# [Your goal]
Please copy every record below exactly and leave out the pictures.

************

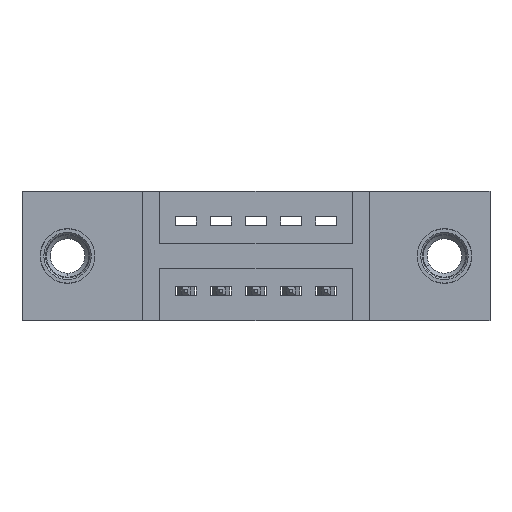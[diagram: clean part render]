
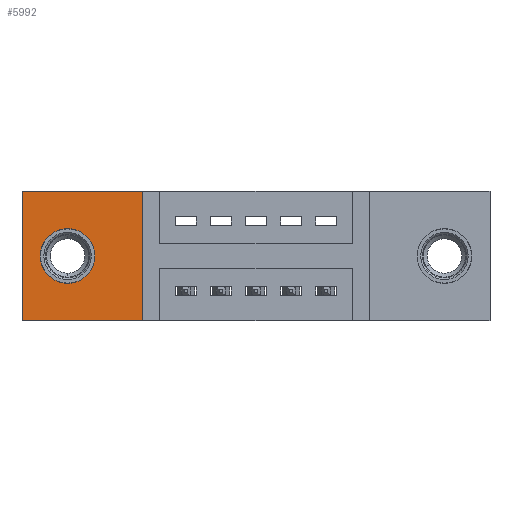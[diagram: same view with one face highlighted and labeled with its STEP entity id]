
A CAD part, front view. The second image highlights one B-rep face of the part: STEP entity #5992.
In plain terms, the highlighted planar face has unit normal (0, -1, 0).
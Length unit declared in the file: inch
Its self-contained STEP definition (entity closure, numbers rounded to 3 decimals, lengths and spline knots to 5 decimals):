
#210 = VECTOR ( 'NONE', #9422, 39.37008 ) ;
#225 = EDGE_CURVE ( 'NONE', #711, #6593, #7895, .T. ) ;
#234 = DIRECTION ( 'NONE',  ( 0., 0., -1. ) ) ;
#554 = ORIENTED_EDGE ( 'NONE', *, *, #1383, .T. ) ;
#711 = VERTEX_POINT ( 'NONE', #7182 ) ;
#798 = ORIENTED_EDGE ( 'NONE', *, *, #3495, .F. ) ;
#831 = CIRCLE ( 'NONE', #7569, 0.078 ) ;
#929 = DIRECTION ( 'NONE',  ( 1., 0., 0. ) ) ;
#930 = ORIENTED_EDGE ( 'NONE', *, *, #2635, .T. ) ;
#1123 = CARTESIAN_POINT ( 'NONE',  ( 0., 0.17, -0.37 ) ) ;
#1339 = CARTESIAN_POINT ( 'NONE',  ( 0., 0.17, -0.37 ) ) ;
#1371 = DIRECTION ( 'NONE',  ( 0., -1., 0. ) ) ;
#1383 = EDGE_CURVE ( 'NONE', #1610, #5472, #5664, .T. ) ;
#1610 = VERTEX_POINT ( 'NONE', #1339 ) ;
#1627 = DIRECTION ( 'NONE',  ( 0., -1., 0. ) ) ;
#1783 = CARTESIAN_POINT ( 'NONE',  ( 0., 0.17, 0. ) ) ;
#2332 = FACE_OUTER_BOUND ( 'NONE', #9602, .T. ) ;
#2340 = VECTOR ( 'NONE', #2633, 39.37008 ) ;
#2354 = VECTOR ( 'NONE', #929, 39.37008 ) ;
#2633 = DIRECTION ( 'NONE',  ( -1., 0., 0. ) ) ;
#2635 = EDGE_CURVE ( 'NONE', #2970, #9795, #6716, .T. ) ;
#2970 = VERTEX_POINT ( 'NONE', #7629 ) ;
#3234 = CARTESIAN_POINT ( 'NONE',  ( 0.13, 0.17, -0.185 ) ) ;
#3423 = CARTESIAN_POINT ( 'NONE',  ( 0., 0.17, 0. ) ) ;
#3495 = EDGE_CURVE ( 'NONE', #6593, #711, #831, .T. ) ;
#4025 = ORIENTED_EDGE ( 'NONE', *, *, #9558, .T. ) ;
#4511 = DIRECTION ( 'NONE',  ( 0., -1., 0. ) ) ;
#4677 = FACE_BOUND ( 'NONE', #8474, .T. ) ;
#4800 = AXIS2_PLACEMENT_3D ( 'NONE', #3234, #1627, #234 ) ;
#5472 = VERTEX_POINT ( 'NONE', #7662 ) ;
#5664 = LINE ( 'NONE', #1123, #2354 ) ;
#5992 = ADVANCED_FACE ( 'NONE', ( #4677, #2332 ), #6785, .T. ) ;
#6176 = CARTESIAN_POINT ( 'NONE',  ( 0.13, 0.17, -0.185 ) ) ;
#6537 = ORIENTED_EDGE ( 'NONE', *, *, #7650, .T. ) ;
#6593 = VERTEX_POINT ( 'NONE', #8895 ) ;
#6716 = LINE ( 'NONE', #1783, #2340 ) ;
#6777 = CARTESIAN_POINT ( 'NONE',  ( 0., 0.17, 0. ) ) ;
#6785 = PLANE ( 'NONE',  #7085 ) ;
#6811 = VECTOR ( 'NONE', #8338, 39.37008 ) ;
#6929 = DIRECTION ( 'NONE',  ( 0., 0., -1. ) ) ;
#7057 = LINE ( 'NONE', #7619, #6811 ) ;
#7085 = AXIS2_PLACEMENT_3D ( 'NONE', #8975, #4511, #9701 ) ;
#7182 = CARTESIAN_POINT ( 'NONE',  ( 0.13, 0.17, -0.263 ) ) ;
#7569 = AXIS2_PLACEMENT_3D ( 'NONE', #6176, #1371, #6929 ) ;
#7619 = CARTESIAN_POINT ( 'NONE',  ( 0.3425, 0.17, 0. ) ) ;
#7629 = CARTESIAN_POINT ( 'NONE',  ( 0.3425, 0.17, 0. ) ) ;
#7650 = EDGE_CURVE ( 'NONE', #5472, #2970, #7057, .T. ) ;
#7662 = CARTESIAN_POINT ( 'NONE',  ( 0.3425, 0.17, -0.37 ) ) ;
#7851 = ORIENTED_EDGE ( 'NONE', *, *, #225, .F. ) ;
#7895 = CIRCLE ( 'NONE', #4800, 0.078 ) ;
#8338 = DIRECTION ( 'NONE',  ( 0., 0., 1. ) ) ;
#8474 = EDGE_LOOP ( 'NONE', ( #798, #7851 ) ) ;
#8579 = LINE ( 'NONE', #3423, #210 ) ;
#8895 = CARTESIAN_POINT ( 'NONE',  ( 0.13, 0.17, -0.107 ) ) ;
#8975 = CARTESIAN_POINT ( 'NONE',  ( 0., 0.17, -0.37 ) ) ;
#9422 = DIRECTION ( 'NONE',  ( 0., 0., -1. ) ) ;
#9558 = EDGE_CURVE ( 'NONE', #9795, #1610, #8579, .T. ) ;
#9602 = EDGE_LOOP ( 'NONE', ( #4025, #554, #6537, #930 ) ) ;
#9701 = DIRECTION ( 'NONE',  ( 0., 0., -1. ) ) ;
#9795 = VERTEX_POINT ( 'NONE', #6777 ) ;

************

# [Answer to the problem]
[diagram: clean part render]
[diagram: same view with one face highlighted and labeled with its STEP entity id]
A CAD part, front view. The second image highlights one B-rep face of the part: STEP entity #5992.
In plain terms, the highlighted planar face has unit normal (0, -1, 0).
Length unit declared in the file: inch
Its self-contained STEP definition (entity closure, numbers rounded to 3 decimals, lengths and spline knots to 5 decimals):
#210 = VECTOR ( 'NONE', #9422, 39.37008 ) ;
#225 = EDGE_CURVE ( 'NONE', #711, #6593, #7895, .T. ) ;
#234 = DIRECTION ( 'NONE',  ( 0., 0., -1. ) ) ;
#554 = ORIENTED_EDGE ( 'NONE', *, *, #1383, .T. ) ;
#711 = VERTEX_POINT ( 'NONE', #7182 ) ;
#798 = ORIENTED_EDGE ( 'NONE', *, *, #3495, .F. ) ;
#831 = CIRCLE ( 'NONE', #7569, 0.078 ) ;
#929 = DIRECTION ( 'NONE',  ( 1., 0., 0. ) ) ;
#930 = ORIENTED_EDGE ( 'NONE', *, *, #2635, .T. ) ;
#1123 = CARTESIAN_POINT ( 'NONE',  ( 0., 0.17, -0.37 ) ) ;
#1339 = CARTESIAN_POINT ( 'NONE',  ( 0., 0.17, -0.37 ) ) ;
#1371 = DIRECTION ( 'NONE',  ( 0., -1., 0. ) ) ;
#1383 = EDGE_CURVE ( 'NONE', #1610, #5472, #5664, .T. ) ;
#1610 = VERTEX_POINT ( 'NONE', #1339 ) ;
#1627 = DIRECTION ( 'NONE',  ( 0., -1., 0. ) ) ;
#1783 = CARTESIAN_POINT ( 'NONE',  ( 0., 0.17, 0. ) ) ;
#2332 = FACE_OUTER_BOUND ( 'NONE', #9602, .T. ) ;
#2340 = VECTOR ( 'NONE', #2633, 39.37008 ) ;
#2354 = VECTOR ( 'NONE', #929, 39.37008 ) ;
#2633 = DIRECTION ( 'NONE',  ( -1., 0., 0. ) ) ;
#2635 = EDGE_CURVE ( 'NONE', #2970, #9795, #6716, .T. ) ;
#2970 = VERTEX_POINT ( 'NONE', #7629 ) ;
#3234 = CARTESIAN_POINT ( 'NONE',  ( 0.13, 0.17, -0.185 ) ) ;
#3423 = CARTESIAN_POINT ( 'NONE',  ( 0., 0.17, 0. ) ) ;
#3495 = EDGE_CURVE ( 'NONE', #6593, #711, #831, .T. ) ;
#4025 = ORIENTED_EDGE ( 'NONE', *, *, #9558, .T. ) ;
#4511 = DIRECTION ( 'NONE',  ( 0., -1., 0. ) ) ;
#4677 = FACE_BOUND ( 'NONE', #8474, .T. ) ;
#4800 = AXIS2_PLACEMENT_3D ( 'NONE', #3234, #1627, #234 ) ;
#5472 = VERTEX_POINT ( 'NONE', #7662 ) ;
#5664 = LINE ( 'NONE', #1123, #2354 ) ;
#5992 = ADVANCED_FACE ( 'NONE', ( #4677, #2332 ), #6785, .T. ) ;
#6176 = CARTESIAN_POINT ( 'NONE',  ( 0.13, 0.17, -0.185 ) ) ;
#6537 = ORIENTED_EDGE ( 'NONE', *, *, #7650, .T. ) ;
#6593 = VERTEX_POINT ( 'NONE', #8895 ) ;
#6716 = LINE ( 'NONE', #1783, #2340 ) ;
#6777 = CARTESIAN_POINT ( 'NONE',  ( 0., 0.17, 0. ) ) ;
#6785 = PLANE ( 'NONE',  #7085 ) ;
#6811 = VECTOR ( 'NONE', #8338, 39.37008 ) ;
#6929 = DIRECTION ( 'NONE',  ( 0., 0., -1. ) ) ;
#7057 = LINE ( 'NONE', #7619, #6811 ) ;
#7085 = AXIS2_PLACEMENT_3D ( 'NONE', #8975, #4511, #9701 ) ;
#7182 = CARTESIAN_POINT ( 'NONE',  ( 0.13, 0.17, -0.263 ) ) ;
#7569 = AXIS2_PLACEMENT_3D ( 'NONE', #6176, #1371, #6929 ) ;
#7619 = CARTESIAN_POINT ( 'NONE',  ( 0.3425, 0.17, 0. ) ) ;
#7629 = CARTESIAN_POINT ( 'NONE',  ( 0.3425, 0.17, 0. ) ) ;
#7650 = EDGE_CURVE ( 'NONE', #5472, #2970, #7057, .T. ) ;
#7662 = CARTESIAN_POINT ( 'NONE',  ( 0.3425, 0.17, -0.37 ) ) ;
#7851 = ORIENTED_EDGE ( 'NONE', *, *, #225, .F. ) ;
#7895 = CIRCLE ( 'NONE', #4800, 0.078 ) ;
#8338 = DIRECTION ( 'NONE',  ( 0., 0., 1. ) ) ;
#8474 = EDGE_LOOP ( 'NONE', ( #798, #7851 ) ) ;
#8579 = LINE ( 'NONE', #3423, #210 ) ;
#8895 = CARTESIAN_POINT ( 'NONE',  ( 0.13, 0.17, -0.107 ) ) ;
#8975 = CARTESIAN_POINT ( 'NONE',  ( 0., 0.17, -0.37 ) ) ;
#9422 = DIRECTION ( 'NONE',  ( 0., 0., -1. ) ) ;
#9558 = EDGE_CURVE ( 'NONE', #9795, #1610, #8579, .T. ) ;
#9602 = EDGE_LOOP ( 'NONE', ( #4025, #554, #6537, #930 ) ) ;
#9701 = DIRECTION ( 'NONE',  ( 0., 0., -1. ) ) ;
#9795 = VERTEX_POINT ( 'NONE', #6777 ) ;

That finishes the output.